IPM Take
This is not a drug result, and it should not be written like one. The point is the evidence machinery behind future treatment selection. AI multiomics can help identify biomarkers, predict response, map resistance and stratify patients for trials. The risk is complexity without action. The opportunity is smarter evidence generation, if the outputs are clinically interpretable and validated.
Executive Summary
BostonGene announced nine abstracts accepted for ASCO 2026, focused on AI-powered models and multimodal profiling in tumour and immune biology. The accepted studies included use of the Tumor Portrait test and Kassandra cell deconvolution, spanning tissue and peripheral blood analysis. The company described applications in biomarker discovery, immunotherapy response prediction, toxicity risk, resistance mapping and clinical trial stratification across solid tumours and hematologic malignancies.
Why it matters
- Researchers / academia: AI multiomics could improve understanding of response, resistance and tumour microenvironment biology.

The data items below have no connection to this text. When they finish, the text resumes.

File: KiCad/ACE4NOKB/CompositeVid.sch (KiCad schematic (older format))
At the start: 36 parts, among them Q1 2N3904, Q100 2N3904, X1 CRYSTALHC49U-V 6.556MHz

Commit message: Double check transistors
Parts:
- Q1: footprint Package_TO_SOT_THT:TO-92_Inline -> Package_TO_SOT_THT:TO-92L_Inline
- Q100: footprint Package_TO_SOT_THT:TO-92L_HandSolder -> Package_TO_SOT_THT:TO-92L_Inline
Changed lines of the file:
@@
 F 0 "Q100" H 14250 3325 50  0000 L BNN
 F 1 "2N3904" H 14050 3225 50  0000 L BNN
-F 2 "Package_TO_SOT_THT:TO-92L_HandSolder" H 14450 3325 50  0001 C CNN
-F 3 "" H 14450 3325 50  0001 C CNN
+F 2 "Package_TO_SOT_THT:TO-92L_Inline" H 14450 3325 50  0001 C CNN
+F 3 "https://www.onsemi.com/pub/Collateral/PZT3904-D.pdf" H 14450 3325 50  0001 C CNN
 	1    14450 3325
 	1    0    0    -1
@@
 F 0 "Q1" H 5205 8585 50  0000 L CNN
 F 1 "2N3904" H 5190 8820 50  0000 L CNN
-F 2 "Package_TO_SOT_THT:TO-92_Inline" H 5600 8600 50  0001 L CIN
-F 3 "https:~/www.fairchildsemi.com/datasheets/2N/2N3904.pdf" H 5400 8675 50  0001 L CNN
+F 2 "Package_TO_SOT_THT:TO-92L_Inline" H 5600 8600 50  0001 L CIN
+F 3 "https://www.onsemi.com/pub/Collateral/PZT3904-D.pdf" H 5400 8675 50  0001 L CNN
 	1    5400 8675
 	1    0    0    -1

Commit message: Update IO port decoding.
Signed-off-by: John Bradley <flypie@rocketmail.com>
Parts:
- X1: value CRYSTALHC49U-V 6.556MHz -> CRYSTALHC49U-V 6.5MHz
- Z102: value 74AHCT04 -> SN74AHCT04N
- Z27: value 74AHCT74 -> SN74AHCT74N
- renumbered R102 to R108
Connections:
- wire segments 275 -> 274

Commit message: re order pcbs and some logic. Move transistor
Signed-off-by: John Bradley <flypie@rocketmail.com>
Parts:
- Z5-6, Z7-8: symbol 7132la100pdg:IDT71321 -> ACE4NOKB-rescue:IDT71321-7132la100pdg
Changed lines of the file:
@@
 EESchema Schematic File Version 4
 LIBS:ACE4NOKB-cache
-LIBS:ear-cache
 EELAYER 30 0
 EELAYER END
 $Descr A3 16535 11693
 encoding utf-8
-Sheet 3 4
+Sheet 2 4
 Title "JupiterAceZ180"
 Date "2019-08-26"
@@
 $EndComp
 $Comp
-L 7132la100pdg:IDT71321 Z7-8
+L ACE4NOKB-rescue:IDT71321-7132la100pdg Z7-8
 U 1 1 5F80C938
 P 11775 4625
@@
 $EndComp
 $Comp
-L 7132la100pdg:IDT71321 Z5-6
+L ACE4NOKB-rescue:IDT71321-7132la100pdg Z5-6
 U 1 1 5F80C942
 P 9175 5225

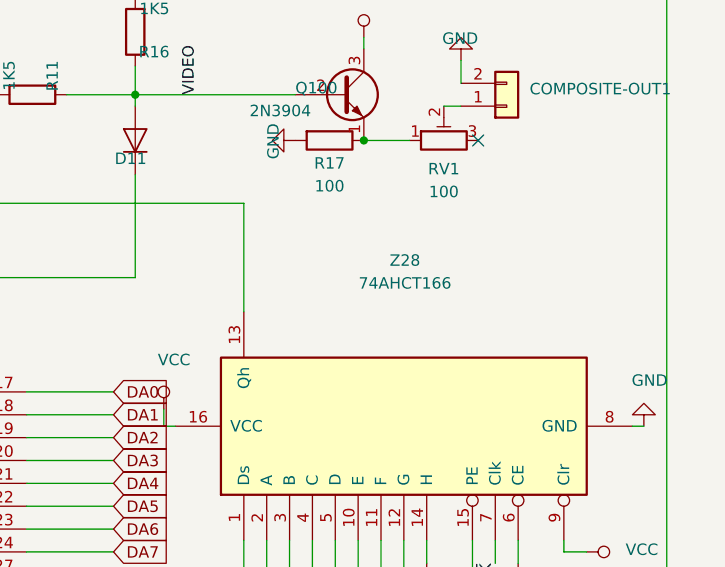
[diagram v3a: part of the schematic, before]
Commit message: Candidate MMU Schematic. ACE4NOKB.
Signed-off-by: John Bradley <flypie@rocketmail.com>
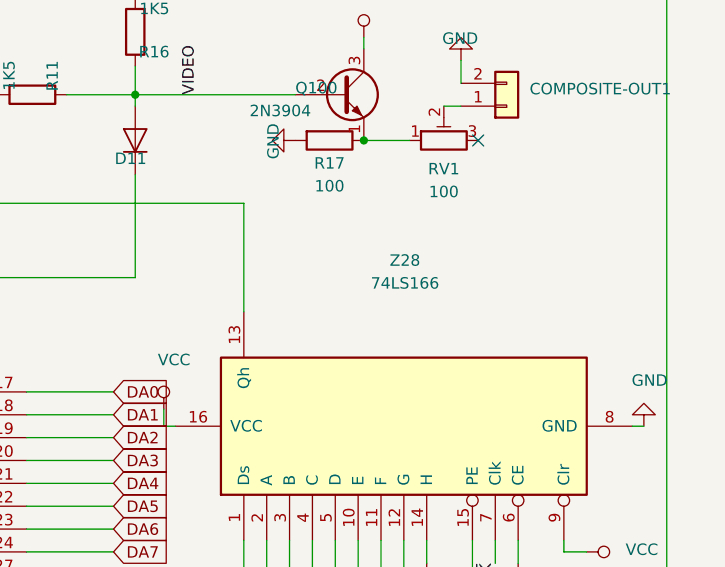
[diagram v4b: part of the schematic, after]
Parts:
- Z28: value 74AHCT166 -> 74LS166
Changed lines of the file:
@@
-$EndComp
-$Comp
-L 74xx:74LS166 Z28
-U 1 1 5F80C89E
-P 14725 4775
-F 0 "Z28" V 15450 4770 50  0000 C CNN
-F 1 "74AHCT166" V 15350 4770 50  0000 C CNN
-F 2 "Package_DIP:DIP-16_W7.62mm" H 14725 4775 50  0001 C CNN
-F 3 "http:/www.ti.com/lit/gpn/sn74AHCT166" H 14725 4775 50  0001 C CNN
-	1    14725 4775
-	0    -1   -1   0
 $EndComp
 $Comp
@@
 	1    0    0    -1
 $EndComp
+$Comp
+L 74xx:74LS166 Z28
+U 1 1 5F80C89E
+P 14725 4775
+F 0 "Z28" V 15450 4770 50  0000 C CNN
+F 1 "74LS166" V 15350 4770 50  0000 C CNN
+F 2 "Package_DIP:DIP-16_W7.62mm" H 14725 4775 50  0001 C CNN
+F 3 "http:/www.ti.com/lit/gpn/sn74ALS166" H 14725 4775 50  0001 C CNN
+	1    14725 4775
+	0    -1   -1   0
+$EndComp
 $EndSCHEMATC

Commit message: Latest changes fix Diode misake in 2NOKB.
Signed-off-by: John Bradley <flypie@rocketmail.com>
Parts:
- removed unit 3 of Z23
- added unit 6 of Z102
- Z5-6, Z7-8: symbol ACE4NOKB-rescue:IDT71321-7132la100pdg -> 7132la100pdg:IDT71321-421-52PIN-PLCC
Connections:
- net ~VIDEOCLK: now also Z102.12
- net at R100.2: no longer Z5-6.4 (~INTL)
- net at R101.2: no longer Z5-6.48 (~INTR)
- net at R104.2: no longer Z7-8.4 (~INTL)
- net at R105.2: no longer Z7-8.48 (~INTR)
- net at C1.1, Q1.3 (C), R1.2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: now also Z102.13
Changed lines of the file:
@@
 EESchema Schematic File Version 4
-LIBS:ACE4NOKB-cache
 EELAYER 30 0
 EELAYER END
@@
 $EndComp
 $Comp
-L ACE4NOKB-rescue:IDT71321-7132la100pdg Z7-8
+L 7132la100pdg:IDT71321-421-52PIN-PLCC Z7-8
 U 1 1 5F80C938
 P 11775 4625
@@
 $EndComp
 $Comp
-L ACE4NOKB-rescue:IDT71321-7132la100pdg Z5-6
+L 7132la100pdg:IDT71321-421-52PIN-PLCC Z5-6
 U 1 1 5F80C942
 P 9175 5225
@@
 $EndComp
 Wire Wire Line
-	6400 8575 6475 8575
+	6400 8475 6475 8475
 Wire Wire Line
 	5100 8475 5500 8475
@@
 	0    1    1    0
 $EndComp
-$Comp
-L power:GND #0125
-U 1 1 5F80CE33
-P 5700 8675
-F 0 "#0125" H 5700 8425 50  0001 C CNN
-F 1 "GND" H 5710 8495 50  0000 C CNN
-F 2 "" H 5700 8675 50  0001 C CNN
-F 3 "" H 5700 8675 50  0001 C CNN
-	1    5700 8675
-	1    0    0    -1
-$EndComp
-$Comp
-L 74xx:74LS86 Z23
-U 3 1 5F80CE2D
-P 6100 8575
-F 0 "Z23" H 6100 8925 50  0000 C CNN
-F 1 "74AHCT86" H 6100 8825 50  0000 C CNN
-F 2 "Package_DIP:DIP-14_W7.62mm" H 6100 8575 50  0001 C CNN
-F 3 "74xx~74AHCT86.pdf" H 6100 8575 50  0001 C CNN
-	3    6100 8575
-	1    0    0    -1
-$EndComp
 Wire Wire Line
 	4700 8675 5200 8675
@@
 	4700 8475 4800 8475
 Wire Wire Line
-	5700 8675 5800 8675
-Wire Wire Line
 	5500 8875 5500 8975
 Wire Wire Line
@@
 Wire Wire Line
 	15875 5475 15875 2225
-Text Label 6475 8575 0    50   ~ 0
+Text Label 6475 8475 0    50   ~ 0
 ~VIDEOCLK
 Text Label 9950 3025 2    50   ~ 0
@@
 	0    -1   -1   0
 $EndComp
+$Comp
+L 74xx:74LS04 Z?
+U 6 1 5E5B189A
+P 6100 8475
+AR Path="/5E5B189A" Ref="Z?"  Part="6"
+AR Path="/5E2F9A69/5E5B189A" Ref="Z102"  Part="6"
+F 0 "Z102" H 6100 8825 50  0000 C CNN
+F 1 "SN74AHCT04N" H 6100 8725 50  0000 C CNN
+F 2 "Package_DIP:DIP-14_W7.62mm" H 6100 8475 50  0001 C CNN
+F 3 "http://www.ti.com/lit/gpn/sn74LS04" H 6100 8475 50  0001 C CNN
+	6    6100 8475
+	1    0    0    -1
+$EndComp
 $EndSCHEMATC

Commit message: Reorder chematics.
Signed-off-by: John Bradley <flypie@rocketmail.com>
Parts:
- removed Z10, Z11, Z9: 74AHCT393, Package_DIP:DIP-14_W7.62mm, symbol 74xx:74LS393
- removed unit 1 of Z20
- removed Z21: 74AHCT11, Package_DIP:DIP-14_W7.62mm, symbol 74xx:74LS11
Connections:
- net 50Hz: now reaches Z102.9, Z25.6
- no-connect marks 8 -> 2
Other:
- moved on the sheet: C1, C2, Q1, R1, R2, X1, Z102F

- Industry / innovation partners: Better stratification may de-risk trials and identify patients most likely to benefit.
- Clinicians / patients: The long-term value depends on whether complex molecular outputs become usable treatment or trial decisions.
Precision oncology has created a data problem. DNA mutations matter, but they rarely tell the whole story. RNA expression, immune context, tumour microenvironment, blood-based immune signals and clinical outcomes all add layers of meaning.
AI multiomics is trying to connect those layers. At ASCO 2026, the focus was not one drug or one cancer. It was the use of tumour and immune biology models to discover biomarkers, predict response, identify toxicity risk and improve clinical trial stratification.
This is promising because many trials fail not only because the therapy is weak, but because the wrong patients are enrolled, resistance is poorly understood or biomarkers are too crude. A richer biological model could make development more precise.
The caution is equally important. Multiomics can become impressive but unusable if outputs are too complex, thresholds are unclear or clinicians cannot act on the report. For IPM, the question is whether AI multiomics can move from discovery layer to decision layer. That is where access begins.